Black Box Testing in Linguistics

Nachele Thanhthu and Nyklus Affanita
Dept. of Linguistics and Name Science
Orvall Oryan School for the Onomastically Challenged

“If it’s a black box, one linguist can pick it up; no number can, however, open it. If it’s any other color, it isn’t of any theoretical interest.”
SpecGram Letters Editor

Despite recent stunning advances in neurolinguistics and long-standing claims of “psychological validity” in other areas of linguistics, the human language faculty is still, in the technical sense, a black box. That is, so the metaphor goes, there is no good way to see inside the box to figure out how it works; instead, in a nutshell, the experimenter must surmise the function of the box by comparing inputs and outputs, hypothesizing about the relationships between them, and testing those theories with new inputs.

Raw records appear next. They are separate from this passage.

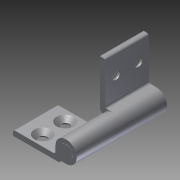
# Autodesk Inventor part: MayTec 1.62.842032085_Alu hinges, heavy, type 20 PG 40 (90)
Saved by Autodesk Inventor 2011 SP1 (Build 150282100, 282)
## iProperties
Created: 2012-12-11
Part Number: MayTec 1.62.842032085_Alu hinges, heavy, type 20 PG 40 (90)
Catalog Web Link: www.cadenas.de
Description: Alu hinges, heavy-Alu hinges, heavy
Vendor: MAYTEC
Document SubType Name: Modeling
Designer: PARTuser1
Manufacturer: MAYTEC
Density: 1 g/cm^3
Category: PARTsolutions
Company: MAYTEC
Title: MayTec 1.62.842032085_Alu hinges, heavy, type 20 PG 40 (90)
Author: Cadenas PARTsolutions
Comments: Alu hinges, heavy
PSOL_IDENT_0: {\\10.0.0.242\data_v9\23d-libs\maytec\maytec_3d\anbauzubehoer\scharniere\alu_scharniere\alu_scharnie
PSOL_IDENT_1: r_schwer.prj},278 {VTYP=3D},{NB=MayTec 1.62.842032085_Alu hinges, heavy, type 20 PG 40 (90)},{LINA=M
PSOL_IDENT_2: ayTec 1.62.842032085_Alu hinges, heavy, type 20 PG 40 (90)},{NN=Alu hinges, heavy},{DATE=14.09.2010
PSOL_IDENT_3: 08:32:09},{GEOMDATE=27.07.2010 11:58:00},{VERSION=},{LINEID=250},{LINESUBID=-1},{WBVAR=WINKEL}  {NB=
PSOL_IDENT_4: MayTec 1.62.842032085_Alu hinges, heavy, type 20 PG 40 (90)},{LINA=MayTec 1.62.842032085_Alu hinges,
PSOL_IDENT_5: heavy, type 20 PG 40 (90)},{KT=DUMMY},{PARTNR=1.62.842032085},{DESCRIPTION=Alu-Scharnier-Schwer Typ
PSOL_IDENT_6: 20 PG 40},{TYP=20.0},{AUSFHRUNG=Stahl},{H=128.75},{A=32.0},{T=20.0},{T2=86.00},{VAR=1.0},{XTRANS=Al
PSOL_IDENT_7: u hinges, heavy, type 20 PG 40},{B=100},{WINKEL=90}
CNS_NT: Alu hinges, heavy
CNS_NB: MayTec 1.62.842032085_Alu hinges, heavy, type 20 PG 40 (90)
CNS_NBSYN: MayTec $PARTNR._$XTRANS. ($WINKEL.)
CNS_LINA: MayTec 1.62.842032085_Alu hinges, heavy, type 20 PG 40 (90)
CNS_PARTNR: 1.62.842032085
CNS_DESCRIPTION: Alu hinges, heavy, type 20 PG 40
CNS_TYP: 20.0
CNS_AUSFHRUNG: Steel
CNS_H: 128.75
CNS_A: 32.0
CNS_T: 20.0
CNS_T2: 86.00
CNS_VAR: 1.0
CNS_XTRANS: Alu hinges, heavy, type 20 PG 40
CNS_B: 100
CNS_WINKEL: 90
SUPPLIER: MAYTEC
ARTICLENO: MayTec 1.62.842032085_Alu hinges, heavy, type 20 PG 40 (90)
BOMINFO: MayTec 1.62.842032085_Alu hinges, heavy, type 20 PG 40 (90)
CREATOR: CADENAS GmbH
Autodesk Inventor part; units mm, degrees
sketch "Skizze_34" plane through (0, 0, 0) normal (0, 1, 0) x (1, 0, 0)
  circle A0 centre (0, 12) radius 10
  constraints: 1 centre point
extrude "Extrusion1" add sketch "Skizze_34" along normal mid plane 2.5
sketch "Skizze_35" plane through (0, 0, 0) normal (0, 1, 0) x (1, 0, 0)
  circle A0 centre (0, 12) radius 6
  constraints: 1 centre point
extrude "Extrusion2" add sketch "Skizze_35" along normal mid plane 85.5
sketch "Skizze_36" plane through (0, -1.3, 0) normal (0, 1, 0) x (1, 0, 0)
  line L0 (-50, 24) -> (-50, 21)
  arc A0 (-50, 21) -> (-48, 19) centre (-48, 21) ccw
  line L1 (-48, 19) -> (-12, 19)
  arc A1 (-10, 17) -> (-12, 19) centre (-12, 17) ccw
  line L2 (-10, 17) -> (-10, 12)
  arc A2 (-10, 12) -> (0, 22) centre (0, 12) ccw
  line L3 (0, 22) -> (-4, 22)
  arc A3 (-5.8856, 23.3333) -> (-4, 22) centre (-4, 24) ccw
  arc A4 (-5.8856, 23.3333) -> (-6.8284, 24) centre (-6.8284, 23) ccw
  line L4 (-6.8284, 24) -> (-50, 24)
  circle A5 centre (0, 12) radius 6
  constraints: 10 end point, 10 point on circle, 6 centre point
extrude "Extrusion3" add sketch "Skizze_36" against normal blind 41.25
sketch "Skizze_37" plane through (0, 1.3, 0) normal (0, 1, 0) x (1, 0, 0)
  line L0 (-12, -38) -> (-9, -38)
  arc A0 (-9, -38) -> (-7, -36) centre (-9, -36) ccw
  line L1 (-7, -36) -> (-7, 0)
  arc A1 (-5, 2) -> (-7, 0) centre (-5, 0) ccw
  line L2 (-5, 2) -> (0, 2)
  arc A2 (0, 2) -> (-10, 12) centre (0, 12) ccw
  line L3 (-10, 12) -> (-10, 8)
  arc A3 (-11.3333, 6.1144) -> (-10, 8) centre (-12, 8) ccw
  arc A4 (-11.3333, 6.1144) -> (-12, 5.1716) centre (-11, 5.1716) ccw
  line L4 (-12, 5.1716) -> (-12, -38)
  circle A5 centre (0, 12) radius 6
  constraints: 10 end point, 10 point on circle, 6 centre point
extrude "Extrusion4" add sketch "Skizze_37" along normal blind 41.25
sketch "Sketch5" plane through (-12, 1.3, -5.1716) normal (-1, 0, 0) x (0, 0, 1)
  point P0 (25.1716, 10.13)
hole "Drilling 1" at (-12, 11.43, 20) direction (1, 0, 0) diameter 8 depth 5 countersink diameter 16 countersink angle 90
sketch "Sketch6" plane through (-12, 1.3, -5.1716) normal (-1, 0, 0) x (0, 0, 1)
  point P0 (25.1716, 31.13)
hole "Drilling 2" at (-12, 32.43, 20) direction (1, 0, 0) diameter 8 depth 5 countersink diameter 16 countersink angle 90
sketch "Sketch7" plane through (-48, -1.3, -19) normal (0, 0, 1) x (1, 0, 0)
  point P0 (16, -10.13)
hole "Drilling 3" at (-32, -11.43, -19) direction (0, 0, -1) diameter 8 depth 5 countersink diameter 16 countersink angle 90
sketch "Sketch8" plane through (-48, -1.3, -19) normal (0, 0, 1) x (1, 0, 0)
  point P0 (16, -31.13)
hole "Drilling 4" at (-32, -32.43, -19) direction (0, 0, -1) diameter 8 depth 5 countersink diameter 16 countersink angle 90
ref_plane "side_2a_XY" through (-32, -21.925, -19) normal (0, 0, 1) x (1, 0, 0)
ref_plane "side_2a_YZ" through (-32, -21.925, -19) normal (1, 0, 0) x (0, 1, 0)
ref_plane "side_2a_ZX" through (-32, -21.925, -19) normal (0, 1, 0) x (0, 0, 1)
ref_plane "side_2b_XY" through (-32, -21.925, -24) normal (0, 0, -1) x (1, 0, 0)
ref_plane "side_2b_YZ" through (-32, -21.925, -24) normal (1, 0, 0) x (0, -1, 0)
ref_plane "side_2b_ZX" through (-32, -21.925, -24) normal (0, -1, 0) x (0, 0, -1)
ref_plane "side_1b_XY" through (-7, 21.925, 20) normal (1, 0, 0) x (0, 0, -1)
ref_plane "side_1b_YZ" through (-7, 21.925, 20) normal (0, 0, -1) x (0, 1, 0)
ref_plane "side_1b_ZX" through (-7, 21.925, 20) normal (0, 1, 0) x (1, 0, 0)
ref_plane "side_3b_XY" through (-7, 21.925, 20) normal (1, 0, 0) x (0, 0, -1)
ref_plane "side_3b_YZ" through (-7, 21.925, 20) normal (0, 0, -1) x (0, 1, 0)
ref_plane "side_3b_ZX" through (-7, 21.925, 20) normal (0, 1, 0) x (1, 0, 0)
ref_plane "side_1a_XY" through (-12, 21.925, 20) normal (-1, 0, 0) x (0, 0, -1)
ref_plane "side_1a_YZ" through (-12, 21.925, 20) normal (0, 0, -1) x (0, -1, 0)
ref_plane "side_1a_ZX" through (-12, 21.925, 20) normal (0, -1, 0) x (-1, 0, 0)
ref_plane "side_3a_XY" through (-12, 21.925, 20) normal (-1, 0, 0) x (0, 0, -1)
ref_plane "side_3a_YZ" through (-12, 21.925, 20) normal (0, 0, -1) x (0, -1, 0)
ref_plane "side_3a_ZX" through (-12, 21.925, 20) normal (0, -1, 0) x (-1, 0, 0)
body "Solid1"

One generally unchallenged but implicit assumption in the black box metaphor is that the black box doesn’t behave differently because it is being observed, tested, or studied. When dealing with language, that is often not true. Subjects of linguistics experiments who know they are subjects of linguistics experiments may very well behave differently as a result of that knowledge. The assumptions one may confidently draw in such a situation are all of the type that begin with phrases such as: “In a controlled laboratory setting...”. This is akin to training your cat to stay off the dining room table. Usually all you can really accomplish is to keep the cat off the table while you are in the house.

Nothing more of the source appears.